Principal and former teaching colleague Tim Winland also had high praise for Collins, calling him dependable and
trustworthy, one who “dedicated his life to the teaching profession.”
Winland, too, said that Collins had “great integrity” and added, “Josh hardly ever missed a day of class, even while going through treatments, and even in the worst times he always got his stuff done. He was always very professional in his dealings with teachers and students.
“He rarely had discipline problems in his classroom and had really
good classroom management, which tells you a lot about how students felt about him. He had the students’ respect.”
Winland spoke of Collins’ passion for teaching.
“He loved to talk about history with the kids and got very excited and emotional,” the principal said. “We sometimes had to check on the classroom, he got so loud and excited about things. He also reached out to a lot of kids in a different capacity, as
a coach. He was a perfect fit for the wrestling teams we had.
“It takes a special person to be a wrestling coach. You have to be a recruiter and run a program that deals with all kinds of personalities. Josh was able to do that.”
Winland called Collins’ courage in dealing with cancer “unmatched,” adding, “I’m not sure anybody other than Josh knew the pain and suffering he had to go through. You wouldn’t know it by his teaching or coming
to work. He kept it to himself. He was physically strong but mentally strong, as well.
“As a coach, husband, father and teacher, he had my utmost respect for how he handled adversity in his life, and it showed in his faith in his Heavenly Father.”
Bernhisel noted Collins’ patriotism, saying, “He loved his country and I know he felt privileged to teach United States history and government. His service as a member of the Wyoming National Guard and later as a Scoutmaster exemplified his appreciation for the freedoms we enjoy here.
“Josh’s great legacy will be the lives of the young people he touched as a father, teacher, coach and scoutmaster.
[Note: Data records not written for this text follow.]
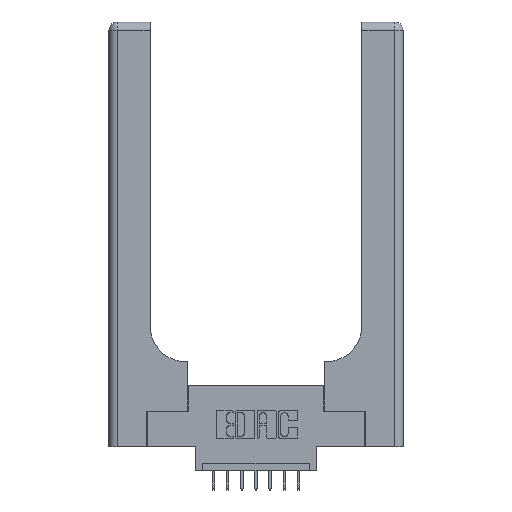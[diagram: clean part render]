
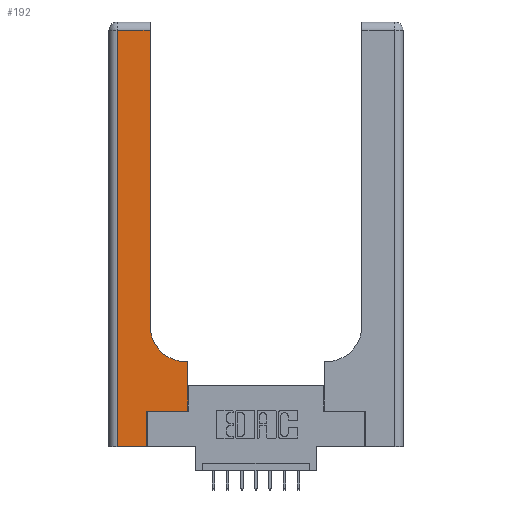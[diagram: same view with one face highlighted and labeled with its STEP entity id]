
A CAD part, top view. The second image highlights one B-rep face of the part: STEP entity #192.
In plain terms, the highlighted planar face has unit normal (0, 0, 1).
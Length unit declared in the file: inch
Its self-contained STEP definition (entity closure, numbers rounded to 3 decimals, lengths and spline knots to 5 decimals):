
#55 = ORIENTED_EDGE ( 'NONE', *, *, #9142, .T. ) ;
#179 = CARTESIAN_POINT ( 'NONE',  ( 0.06, 2.94, 0.37 ) ) ;
#192 = ADVANCED_FACE ( 'NONE', ( #3808 ), #2638, .F. ) ;
#477 = CARTESIAN_POINT ( 'NONE',  ( 0.2915, 0.85, 0.37 ) ) ;
#842 = CARTESIAN_POINT ( 'NONE',  ( 0.06, 3., 0.37 ) ) ;
#905 = VECTOR ( 'NONE', #2304, 39.37008 ) ;
#996 = CARTESIAN_POINT ( 'NONE',  ( 0.2915, 0.6, 0.37 ) ) ;
#1112 = CARTESIAN_POINT ( 'NONE',  ( 0.2915, 3., 0.37 ) ) ;
#1194 = VECTOR ( 'NONE', #10289, 39.37008 ) ;
#1215 = EDGE_CURVE ( 'NONE', #2138, #14055, #15017, .T. ) ;
#1465 = DIRECTION ( 'NONE',  ( 0., 0., -1. ) ) ;
#1944 = DIRECTION ( 'NONE',  ( 0., -1., 0. ) ) ;
#2048 = CARTESIAN_POINT ( 'NONE',  ( 0., 2.94, 0.37 ) ) ;
#2138 = VERTEX_POINT ( 'NONE', #11145 ) ;
#2278 = DIRECTION ( 'NONE',  ( 0., 1., 0. ) ) ;
#2304 = DIRECTION ( 'NONE',  ( -1., 0., 0. ) ) ;
#2351 = LINE ( 'NONE', #2048, #6138 ) ;
#2638 = PLANE ( 'NONE',  #3436 ) ;
#3005 = CARTESIAN_POINT ( 'NONE',  ( 0.5585, 0.25, 0.37 ) ) ;
#3270 = LINE ( 'NONE', #7938, #1194 ) ;
#3436 = AXIS2_PLACEMENT_3D ( 'NONE', #3888, #1465, #8613 ) ;
#3695 = VERTEX_POINT ( 'NONE', #477 ) ;
#3808 = FACE_OUTER_BOUND ( 'NONE', #7818, .T. ) ;
#3888 = CARTESIAN_POINT ( 'NONE',  ( 0., 3., 0.37 ) ) ;
#4059 = ORIENTED_EDGE ( 'NONE', *, *, #8662, .T. ) ;
#4200 = ORIENTED_EDGE ( 'NONE', *, *, #14151, .T. ) ;
#4324 = VECTOR ( 'NONE', #13275, 39.37008 ) ;
#4456 = DIRECTION ( 'NONE',  ( 0., 1., 0. ) ) ;
#4567 = CARTESIAN_POINT ( 'NONE',  ( 0.5415, 0.85, 0.37 ) ) ;
#5110 = VERTEX_POINT ( 'NONE', #11364 ) ;
#5593 = EDGE_CURVE ( 'NONE', #15353, #14362, #9477, .T. ) ;
#5718 = ORIENTED_EDGE ( 'NONE', *, *, #15111, .T. ) ;
#5890 = CARTESIAN_POINT ( 'NONE',  ( 0.5585, 0.6, 0.37 ) ) ;
#6068 = CIRCLE ( 'NONE', #11782, 0.25 ) ;
#6138 = VECTOR ( 'NONE', #15349, 39.37008 ) ;
#6259 = ORIENTED_EDGE ( 'NONE', *, *, #9462, .T. ) ;
#7352 = ORIENTED_EDGE ( 'NONE', *, *, #11400, .T. ) ;
#7604 = ORIENTED_EDGE ( 'NONE', *, *, #5593, .T. ) ;
#7672 = VERTEX_POINT ( 'NONE', #179 ) ;
#7818 = EDGE_LOOP ( 'NONE', ( #5718, #4059, #6259, #4200, #12026, #13341, #55, #7604, #7352 ) ) ;
#7938 = CARTESIAN_POINT ( 'NONE',  ( 0.269, 0.25, 0.37 ) ) ;
#8086 = DIRECTION ( 'NONE',  ( 0., 1., 0. ) ) ;
#8275 = VECTOR ( 'NONE', #2278, 39.37008 ) ;
#8613 = DIRECTION ( 'NONE',  ( -1., 0., 0. ) ) ;
#8662 = EDGE_CURVE ( 'NONE', #5110, #7672, #2351, .T. ) ;
#9142 = EDGE_CURVE ( 'NONE', #9808, #15353, #13989, .T. ) ;
#9315 = DIRECTION ( 'NONE',  ( 1., 0., 0. ) ) ;
#9385 = VECTOR ( 'NONE', #4456, 39.37008 ) ;
#9462 = EDGE_CURVE ( 'NONE', #7672, #13776, #12590, .T. ) ;
#9477 = LINE ( 'NONE', #996, #905 ) ;
#9730 = VECTOR ( 'NONE', #8086, 39.37008 ) ;
#9808 = VERTEX_POINT ( 'NONE', #3005 ) ;
#10029 = CARTESIAN_POINT ( 'NONE',  ( 0.5415, 0.6, 0.37 ) ) ;
#10289 = DIRECTION ( 'NONE',  ( 1., 0., 0. ) ) ;
#10434 = CARTESIAN_POINT ( 'NONE',  ( 0.06, 0., 0.37 ) ) ;
#10887 = LINE ( 'NONE', #13047, #4324 ) ;
#11145 = CARTESIAN_POINT ( 'NONE',  ( 0.269, 0., 0.37 ) ) ;
#11364 = CARTESIAN_POINT ( 'NONE',  ( 0.2915, 2.94, 0.37 ) ) ;
#11375 = VECTOR ( 'NONE', #1944, 39.37008 ) ;
#11400 = EDGE_CURVE ( 'NONE', #14362, #3695, #6068, .T. ) ;
#11782 = AXIS2_PLACEMENT_3D ( 'NONE', #4567, #13039, #9315 ) ;
#11986 = EDGE_CURVE ( 'NONE', #14055, #9808, #3270, .T. ) ;
#12026 = ORIENTED_EDGE ( 'NONE', *, *, #1215, .T. ) ;
#12590 = LINE ( 'NONE', #842, #11375 ) ;
#13004 = LINE ( 'NONE', #1112, #8275 ) ;
#13039 = DIRECTION ( 'NONE',  ( 0., 0., -1. ) ) ;
#13047 = CARTESIAN_POINT ( 'NONE',  ( 0., 0., 0.37 ) ) ;
#13275 = DIRECTION ( 'NONE',  ( 1., 0., 0. ) ) ;
#13341 = ORIENTED_EDGE ( 'NONE', *, *, #11986, .T. ) ;
#13776 = VERTEX_POINT ( 'NONE', #10434 ) ;
#13989 = LINE ( 'NONE', #15330, #9385 ) ;
#14055 = VERTEX_POINT ( 'NONE', #15310 ) ;
#14151 = EDGE_CURVE ( 'NONE', #13776, #2138, #10887, .T. ) ;
#14362 = VERTEX_POINT ( 'NONE', #10029 ) ;
#15017 = LINE ( 'NONE', #15169, #9730 ) ;
#15111 = EDGE_CURVE ( 'NONE', #3695, #5110, #13004, .T. ) ;
#15169 = CARTESIAN_POINT ( 'NONE',  ( 0.269, 0., 0.37 ) ) ;
#15310 = CARTESIAN_POINT ( 'NONE',  ( 0.269, 0.25, 0.37 ) ) ;
#15330 = CARTESIAN_POINT ( 'NONE',  ( 0.5585, 0.25, 0.37 ) ) ;
#15349 = DIRECTION ( 'NONE',  ( -1., 0., 0. ) ) ;
#15353 = VERTEX_POINT ( 'NONE', #5890 ) ;
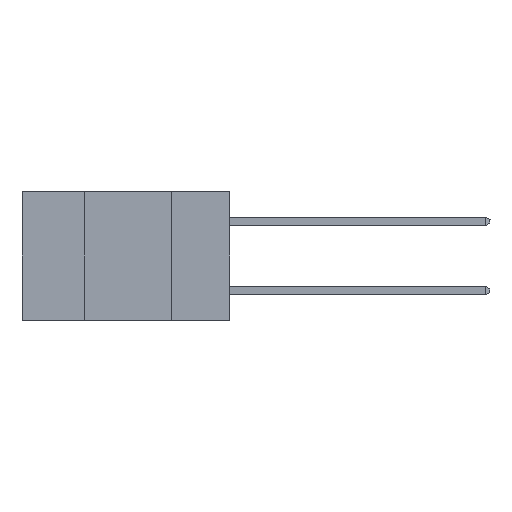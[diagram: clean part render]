
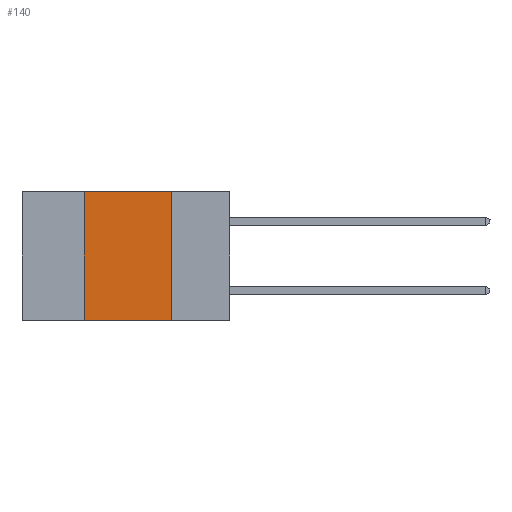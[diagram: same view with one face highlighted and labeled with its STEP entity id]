
A CAD part, left-side view. The second image highlights one B-rep face of the part: STEP entity #140.
In plain terms, the highlighted planar face has unit normal (-1, 0, 0).
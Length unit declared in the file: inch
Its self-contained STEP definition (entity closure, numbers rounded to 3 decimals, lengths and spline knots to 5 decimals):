
#140 = ADVANCED_FACE ( 'NONE', ( #3760 ), #10022, .F. ) ;
#150 = VECTOR ( 'NONE', #16250, 39.37008 ) ;
#1145 = VERTEX_POINT ( 'NONE', #7224 ) ;
#2206 = VERTEX_POINT ( 'NONE', #18578 ) ;
#2326 = ORIENTED_EDGE ( 'NONE', *, *, #16616, .T. ) ;
#2451 = CARTESIAN_POINT ( 'NONE',  ( 0., 0.42, -0.37 ) ) ;
#2780 = ORIENTED_EDGE ( 'NONE', *, *, #16160, .F. ) ;
#3760 = FACE_OUTER_BOUND ( 'NONE', #4385, .T. ) ;
#4142 = DIRECTION ( 'NONE',  ( 0., 0., 1. ) ) ;
#4151 = DIRECTION ( 'NONE',  ( 0., 0., -1. ) ) ;
#4385 = EDGE_LOOP ( 'NONE', ( #11160, #8027, #2780, #2326 ) ) ;
#5335 = EDGE_CURVE ( 'NONE', #1145, #17719, #9187, .T. ) ;
#5387 = AXIS2_PLACEMENT_3D ( 'NONE', #17782, #15887, #4151 ) ;
#5449 = LINE ( 'NONE', #17572, #17028 ) ;
#5932 = VERTEX_POINT ( 'NONE', #17010 ) ;
#6542 = EDGE_CURVE ( 'NONE', #17719, #5932, #5449, .T. ) ;
#7120 = LINE ( 'NONE', #2451, #12207 ) ;
#7224 = CARTESIAN_POINT ( 'NONE',  ( 0., 0.42, 0. ) ) ;
#7293 = CARTESIAN_POINT ( 'NONE',  ( 0., 0.17, 0. ) ) ;
#7455 = VECTOR ( 'NONE', #9091, 39.37008 ) ;
#8027 = ORIENTED_EDGE ( 'NONE', *, *, #5335, .F. ) ;
#9091 = DIRECTION ( 'NONE',  ( 0., -1., 0. ) ) ;
#9187 = LINE ( 'NONE', #12367, #7455 ) ;
#10022 = PLANE ( 'NONE',  #5387 ) ;
#11160 = ORIENTED_EDGE ( 'NONE', *, *, #6542, .F. ) ;
#11610 = DIRECTION ( 'NONE',  ( 0., 0., -1. ) ) ;
#12207 = VECTOR ( 'NONE', #4142, 39.37008 ) ;
#12367 = CARTESIAN_POINT ( 'NONE',  ( 0., 0.6, 0. ) ) ;
#15887 = DIRECTION ( 'NONE',  ( 1., 0., 0. ) ) ;
#16160 = EDGE_CURVE ( 'NONE', #2206, #1145, #7120, .T. ) ;
#16250 = DIRECTION ( 'NONE',  ( 0., -1., 0. ) ) ;
#16616 = EDGE_CURVE ( 'NONE', #2206, #5932, #18845, .T. ) ;
#17010 = CARTESIAN_POINT ( 'NONE',  ( 0., 0.17, -0.37 ) ) ;
#17028 = VECTOR ( 'NONE', #11610, 39.37008 ) ;
#17572 = CARTESIAN_POINT ( 'NONE',  ( 0., 0.17, -0.37 ) ) ;
#17719 = VERTEX_POINT ( 'NONE', #7293 ) ;
#17782 = CARTESIAN_POINT ( 'NONE',  ( 0., 0.6, 0. ) ) ;
#18578 = CARTESIAN_POINT ( 'NONE',  ( 0., 0.42, -0.37 ) ) ;
#18845 = LINE ( 'NONE', #19148, #150 ) ;
#19148 = CARTESIAN_POINT ( 'NONE',  ( 0., 0.6, -0.37 ) ) ;

Throughout his difficult battle, he never lost his sense of humor, his wry smile or his willingness to think of the needs of others before his own.”
Collins built a firm foundation for many, Bernhisel added.
“His love of family, his positive outlook on life and his faith in the gospel of Jesus Christ were evident even when life was most difficult,” Bernhisel said. “He leaves his three daughters with a strong foundation of the importance of family and a deep love of learning, service and everything Wyoming.”
Services for Joshua Lee Collins will be held in the Lovell LDS Church on Thursday, May 17, at 2 p.m. with interment to follow at the Lovell Cemetery.